What the task asks:
Produce as output only the lines below starting at the line with "R17.2, U5.34 (GPIO3/U0RXD/CLK_OUT2)" and continuing through the line with "EXT2.16, U5.23 (GPIO15/ADC2_CH3/TOUCH3/MTDO/HSPICS0/RTC)", each one exactly as written.

Raw data:

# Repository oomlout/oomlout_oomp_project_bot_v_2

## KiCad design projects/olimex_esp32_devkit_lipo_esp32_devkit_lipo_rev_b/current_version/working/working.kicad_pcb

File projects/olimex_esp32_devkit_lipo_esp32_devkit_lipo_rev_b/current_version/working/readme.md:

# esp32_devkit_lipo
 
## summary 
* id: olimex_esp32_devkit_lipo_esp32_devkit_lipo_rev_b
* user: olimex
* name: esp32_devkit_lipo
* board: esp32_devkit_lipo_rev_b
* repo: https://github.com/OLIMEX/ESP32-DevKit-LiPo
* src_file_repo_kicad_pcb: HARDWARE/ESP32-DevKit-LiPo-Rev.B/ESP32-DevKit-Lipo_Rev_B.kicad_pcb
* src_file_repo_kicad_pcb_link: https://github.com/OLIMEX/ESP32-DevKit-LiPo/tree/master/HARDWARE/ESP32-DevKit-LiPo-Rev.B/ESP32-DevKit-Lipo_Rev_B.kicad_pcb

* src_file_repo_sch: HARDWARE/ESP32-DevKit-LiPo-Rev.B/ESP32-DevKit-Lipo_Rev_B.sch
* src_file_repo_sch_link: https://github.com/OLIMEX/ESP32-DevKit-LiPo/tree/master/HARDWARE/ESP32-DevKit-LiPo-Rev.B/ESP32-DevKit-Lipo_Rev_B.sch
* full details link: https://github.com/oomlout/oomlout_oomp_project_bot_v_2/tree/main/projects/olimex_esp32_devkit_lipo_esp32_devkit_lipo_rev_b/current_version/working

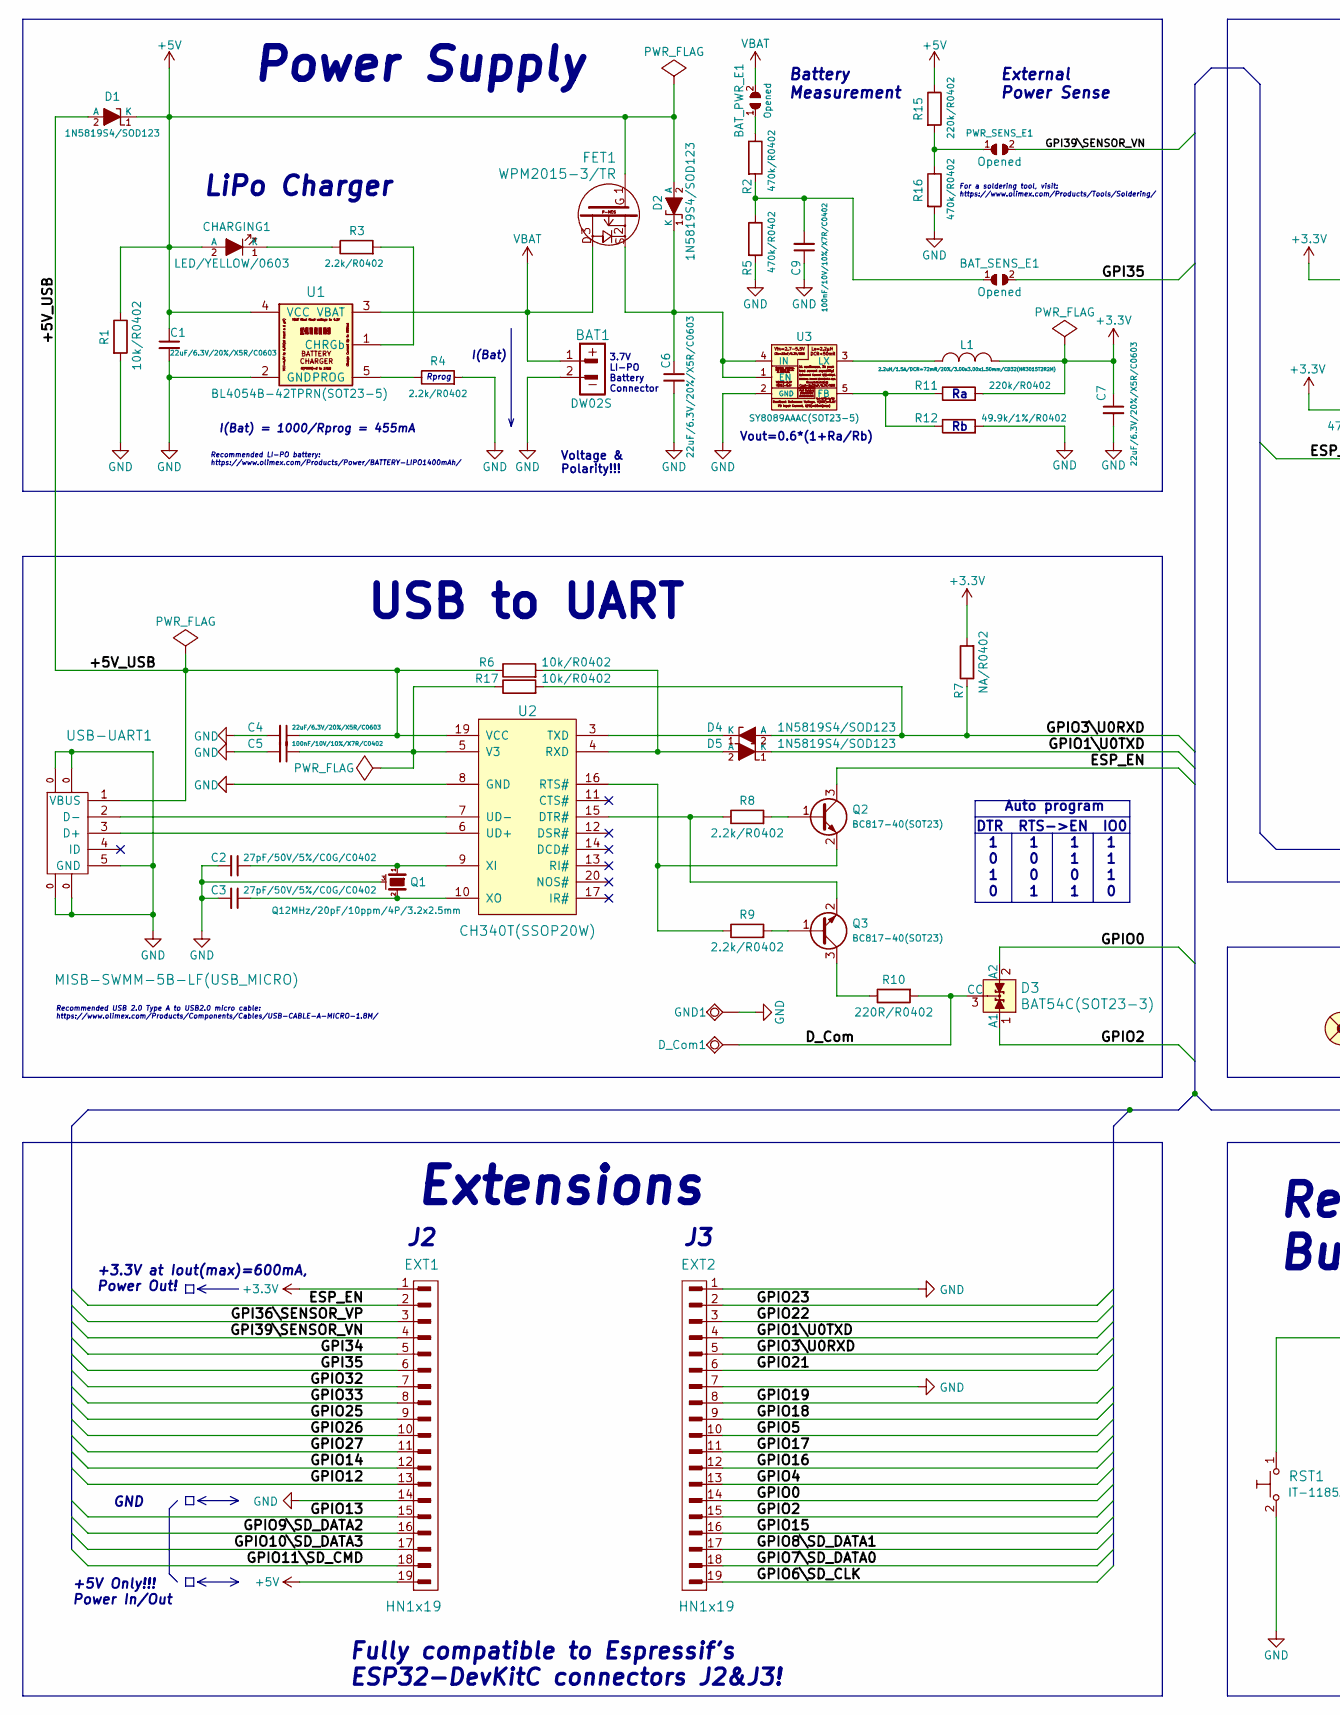
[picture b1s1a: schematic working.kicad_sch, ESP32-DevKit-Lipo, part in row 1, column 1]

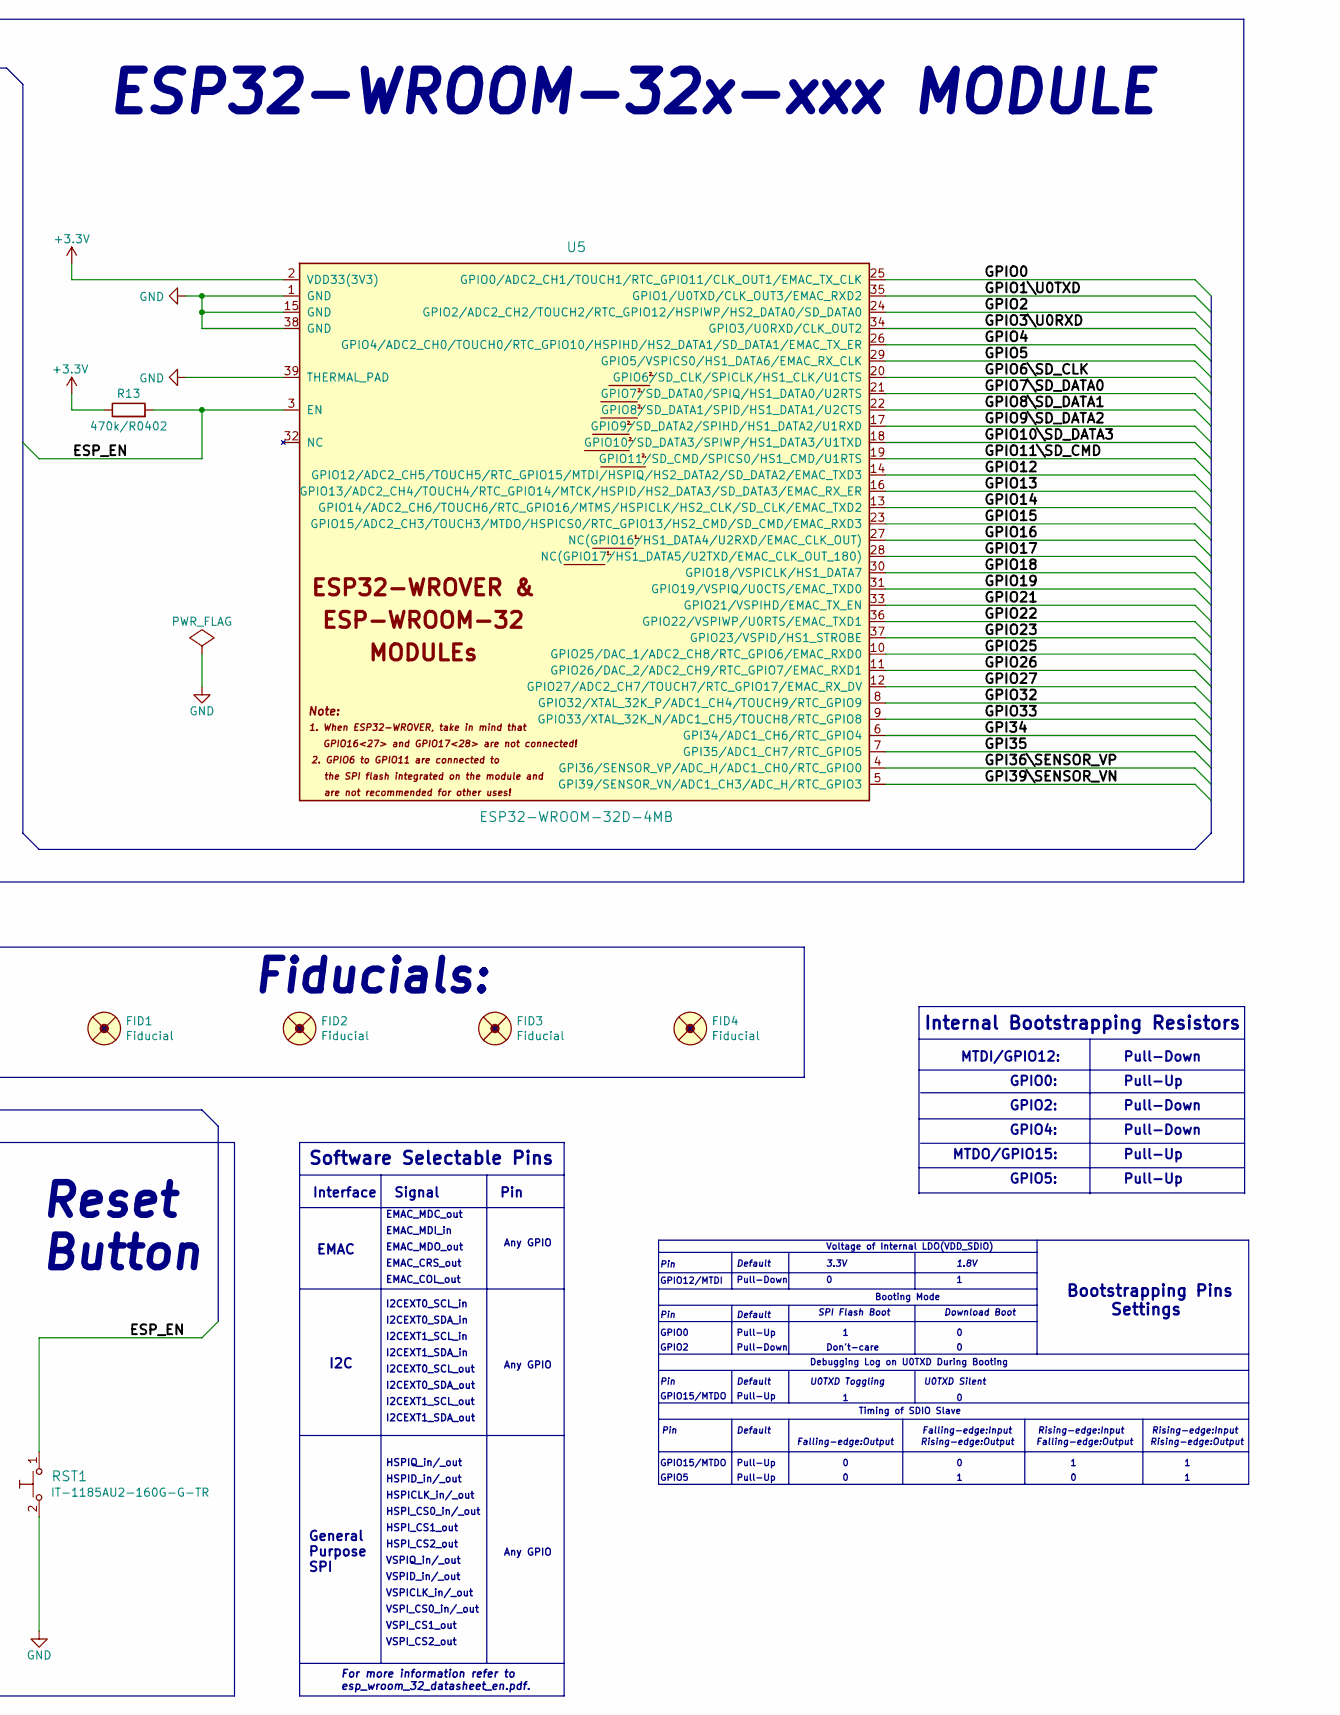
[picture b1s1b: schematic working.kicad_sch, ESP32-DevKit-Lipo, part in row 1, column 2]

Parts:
BAT1: DW02S; LIPO_BAT_VERTICAL_DW02S
BAT_PWR_E1: Opened; SJ_1_SMALLER
BAT_SENS_E1: Opened; SJ_1_SMALLER
C1, C4, C6, C7: 22uF/6.3V/20%/X5R/C0603; C_0603_5MIL_DWS
C2, C3: 27pF/50V/5%/C0G/C0402; C_0402_5MIL_DWS
C5, C9: 100nF/10V/10%/X7R/C0402; C_0402_5MIL_DWS
CHARGING1: LED/YELLOW/0603; LED_0603_KA
D1, D2, D4, D5: 1N5819S4/SOD123; SOD-123_1C-2A_KA
D3: BAT54C(SOT23-3); SOT23-3
D_Com1: TESTPAD; TESTPAD_40-ROUND
EXT1, EXT2: HN1x19
FET1: WPM2015-3/TR; SOT23
FID1, FID2, FID3, FID4: Fiducial; Fiducial1x3
GND1: TESTPAD; TESTPAD_40-ROUND
L1: 2.2uH/1.5A/DCR=72mR/20%/3.00x3.00x1.50mm/CD32(NR3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; CD32
PWR_SENS_E1: Opened; SJ_1_SMALLER
Q1: Q12MHz/20pF/10ppm/4P/3.2x2.5mm; TSX-3.2x2.5mm_GND(3)
Q2, Q3: BC817-40(SOT23); SOT23
R1, R6, R17: 10k/R0402; R_0402_5MIL_DWS
R2, R5, R13, R16: 470k/R0402; R_0402_5MIL_DWS
R3, R4, R8, R9: 2.2k/R0402; R_0402_5MIL_DWS
R7: NA/R0402; R_0402_5MIL_DWS
R10: 220R/R0402; R_0402_5MIL_DWS
R11, R15: 220k/R0402; R_0402_5MIL_DWS
R12: 49.9k/1%/R0402; R_0402_5MIL_DWS
RST1: IT-1185AU2-160G-G-TR; IT1185AU2_V2
U1: BL4054B-42TPRN(SOT23-5); SOT-23-5
U2: CH340T(SSOP20W); SSOP-20W
U3: SY8089AAAC(SOT23-5); SOT-23-5
U5: ESP32-WROOM-32D-4MB; ESP32-WROVER_MODULE
USB-UART1: MISB-SWMM-5B-LF(USB_MICRO); USB-MICRO_MISB-SWMM-5B_LF

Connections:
+3V3: C7.1, EXT1.1, L1.2, R7.2, R11.2, R13.1, U5.2 (VDD33(3V3))
+5V: C1.1, CHARGING1.2 (A), D1.1 (K), D2.2 (A), EXT1.19, FET1.1, R1.1, R15.1, U1.4 (VCC)
/+5V_USB: C4.1, D1.2 (A), R6.1, U2.19 (VCC), USB-UART1.1 (VBUS)
/D_Com: D3.3 (CC), D_Com1.1, R10.2
/ESP_EN: EXT1.2, Q2.3 (C), R13.2, RST1.1, U5.3 (EN)
/GPI34: EXT1.5, U5.6 (GPI34/ADC1_CH6/RTC_GPIO4)
/GPI35: BAT_SENS_E1.2, EXT1.6, U5.7 (GPI35/ADC1_CH7/RTC_GPIO5)
/GPI36\SENSOR_VP: EXT1.3, U5.4 (GPI36/SENSOR_VP/ADC_H/ADC1_CH0/RTC_GPIO0)
/GPI39\SENSOR_VN: EXT1.4, PWR_SENS_E1.2, U5.5 (GPI39/SENSOR_VN/ADC1_CH3/ADC_H/RTC_GPIO3)
/GPIO0: D3.2 (A2), EXT2.14, U5.25 (GPIO0/ADC2_CH1/TOUCH1/RTC_GPIO11/CLK_OU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)
/GPIO1\U0TXD: D5.1 (K), EXT2.4, U5.35 (GPIO1/U0TXD/CLK_OUT3/EMAC_RXD2)
/GPIO2: D3.1 (A1), EXT2.15, U5.24 (GPIO2/ADC2_CH2/TOUCH2/RTC_GPIO12/HSPIWP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)
/GPIO3\U0RXD: D4.2 (A), EXT2.5, R7.1, R17.2, U5.34 (GPIO3/U0RXD/CLK_OUT2)
/GPIO4: EXT2.13, U5.26 (GPIO4/ADC2_CH0/TOUCH0/RTC_GPIO10/HSPIHD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)
/GPIO5: EXT2.10, U5.29 (GPIO5/VSPICS0/HS1_DATA6/EMAC_RX_CLK)
/GPIO6\SD_CLK: EXT2.19, U5.20 (GPIO6/SD_CLK/SPICLK/HS1_CLK/U1CTS)
/GPIO7\SD_DATA0: EXT2.18, U5.21 (GPIO7/SD_DATA0/SPIQ/HS1_DATA0/U2RTS)
/GPIO8\SD_DATA1: EXT2.17, U5.22 (GPIO8/SD_DATA1/SPID/HS1_DATA1/U2CTS)
/GPIO9\SD_DATA2: EXT1.16, U5.17 (GPIO9/SD_DATA2/SPIHD/HS1_DATA2/U1RXD)
/GPIO10\SD_DATA3: EXT1.17, U5.18 (GPIO10/SD_DATA3/SPIWP/HS1_DATA3/U1TXD)
/GPIO11\SD_CMD: EXT1.18, U5.19 (GPIO11/SD_CMD/SPICS0/HS1_CMD/U1RTS)
/GPIO12: EXT1.13, U5.14 (GPIO12/ADC2_CH5/TOUCH5/RTC_GPIO15/MTDI/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)
/GPIO13: EXT1.15, U5.16 (GPIO13/ADC2_CH4/TOUCH4/RTC_GPIO14/MTCK/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)
/GPIO14: EXT1.12, U5.13 (GPIO14/ADC2_CH6/TOUCH6/RTC_GPIO16/MTMS/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)
/GPIO15: EXT2.16, U5.23 (GPIO15/ADC2_CH3/TOUCH3/MTDO/HSPICS0/RTC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)
/GPIO16: EXT2.12, U5.27 (NC(GPIO16/HS1_DATA4/U2RXD/EMAC_CLK_OUT))
/GPIO17: EXT2.11, U5.28 (NC(GPIO17/HS1_DATA5/U2TXD/EMAC_CLK_OUT_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)
/GPIO18: EXT2.9, U5.30 (GPIO18/VSPICLK/HS1_DATA7)
/GPIO19: EXT2.8, U5.31 (GPIO19/VSPIQ/U0CTS/EMAC_TXD0)
/GPIO21: EXT2.6, U5.33 (GPIO21/VSPIHD/EMAC_TX_EN)
/GPIO22: EXT2.3, U5.36 (GPIO22/VSPIWP/U0RTS/EMAC_TXD1)
/GPIO23: EXT2.2, U5.37 (GPIO23/VSPID/HS1_STROBE)
/GPIO25: EXT1.9, U5.10 (GPIO25/DAC_1/ADC2_CH8/RTC_GPIO6/EMAC_RX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)
/GPIO26: EXT1.10, U5.11 (GPIO26/DAC_2/ADC2_CH9/RTC_GPIO7/EMAC_RX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)
/GPIO27: EXT1.11, U5.12 (GPIO27/ADC2_CH7/TOUCH7/RTC_GPIO17/EMAC_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)
/GPIO32: EXT1.7, U5.8 (GPIO32/XTAL_32K_P/ADC1_CH4/TOUCH9/RTC_G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)
/GPIO33: EXT1.8, U5.9 (GPIO33/XTAL_32K_N/ADC1_CH5/TOUCH8/RTC_G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)
GND: BAT1.2, C1.2, C2.2, C3.2, C4.2, C5.2, C6.2, C7.2, C9.1, EXT1.14, EXT2.1, EXT2.7, GND1.1, Q1.3 (case), R1.2, R4.2, R5.2, R12.2, R16.2, RST1.2, U1.2 (GND), U2.8 (GND), U3.2 (GND), U5.1 (GND), U5.15 (GND), U5.38 (GND), U5.39 (THERMAL_PAD), USB-UART1.0, USB-UART1.5 (GND)
unnamed: BAT_PWR_E1.1, R2.1
unnamed: BAT_SENS_E1.1, C9.2, R2.2, R5.1
unnamed: C2.1, Q1.1, U2.9 (XI)
unnamed: C3.1, Q1.2, U2.10 (XO)
unnamed: C5.1, R17.1, U2.5 (V3)
unnamed: C6.1, D2.1 (K), FET1.2, U3.1 (EN), U3.4 (IN)
unnamed: CHARGING1.1 (K), R3.1
unnamed: D4.1 (K), U2.3 (TXD)
unnamed: D5.2 (A), R6.2, U2.4 (RXD)
unnamed: L1.1, U3.3 (LX)
unnamed: PWR_SENS_E1.1, R15.2, R16.1
unnamed: Q2.1 (B), R8.2
unnamed: Q2.2 (E), R9.1, U2.16 (RTS#)
unnamed: Q3.1 (B), R9.2
unnamed: Q3.2 (E), R8.1, U2.15 (DTR#)
unnamed: Q3.3 (C), R10.1
unnamed: R3.2, U1.1 (CHRGb)
unnamed: R4.1, U1.5 (PROG)
unnamed: R11.1, R12.1, U3.5 (FB)
unnamed: U2.6 (UD+), USB-UART1.3 (D+)
unnamed: U2.7 (UD-), USB-UART1.2 (D-)
VBAT: BAT1.1, BAT_PWR_E1.2, FET1.3, U1.3 (VBAT)

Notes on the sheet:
I2CEXT1_SDA_in
Extensions
Pull-Up
Pull-Down
GPIO5
I(Bat)
GPIO15/MTDO
MTDO/GPIO15:
GPIO12/MTDI
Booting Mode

Answer:
/GPIO3\U0RXD: D4.2 (A), EXT2.5, R7.1, R17.2, U5.34 (GPIO3/U0RXD/CLK_OUT2)
/GPIO4: EXT2.13, U5.26 (GPIO4/ADC2_CH0/TOUCH0/RTC_GPIO10/HSPIHD)
/GPIO5: EXT2.10, U5.29 (GPIO5/VSPICS0/HS1_DATA6/EMAC_RX_CLK)
/GPIO6\SD_CLK: EXT2.19, U5.20 (GPIO6/SD_CLK/SPICLK/HS1_CLK/U1CTS)
/GPIO7\SD_DATA0: EXT2.18, U5.21 (GPIO7/SD_DATA0/SPIQ/HS1_DATA0/U2RTS)
/GPIO8\SD_DATA1: EXT2.17, U5.22 (GPIO8/SD_DATA1/SPID/HS1_DATA1/U2CTS)
/GPIO9\SD_DATA2: EXT1.16, U5.17 (GPIO9/SD_DATA2/SPIHD/HS1_DATA2/U1RXD)
/GPIO10\SD_DATA3: EXT1.17, U5.18 (GPIO10/SD_DATA3/SPIWP/HS1_DATA3/U1TXD)
/GPIO11\SD_CMD: EXT1.18, U5.19 (GPIO11/SD_CMD/SPICS0/HS1_CMD/U1RTS)
/GPIO12: EXT1.13, U5.14 (GPIO12/ADC2_CH5/TOUCH5/RTC_GPIO15/MTDI/)
/GPIO13: EXT1.15, U5.16 (GPIO13/ADC2_CH4/TOUCH4/RTC_GPIO14/MTCK/)
/GPIO14: EXT1.12, U5.13 (GPIO14/ADC2_CH6/TOUCH6/RTC_GPIO16/MTMS/)
/GPIO15: EXT2.16, U5.23 (GPIO15/ADC2_CH3/TOUCH3/MTDO/HSPICS0/RTC)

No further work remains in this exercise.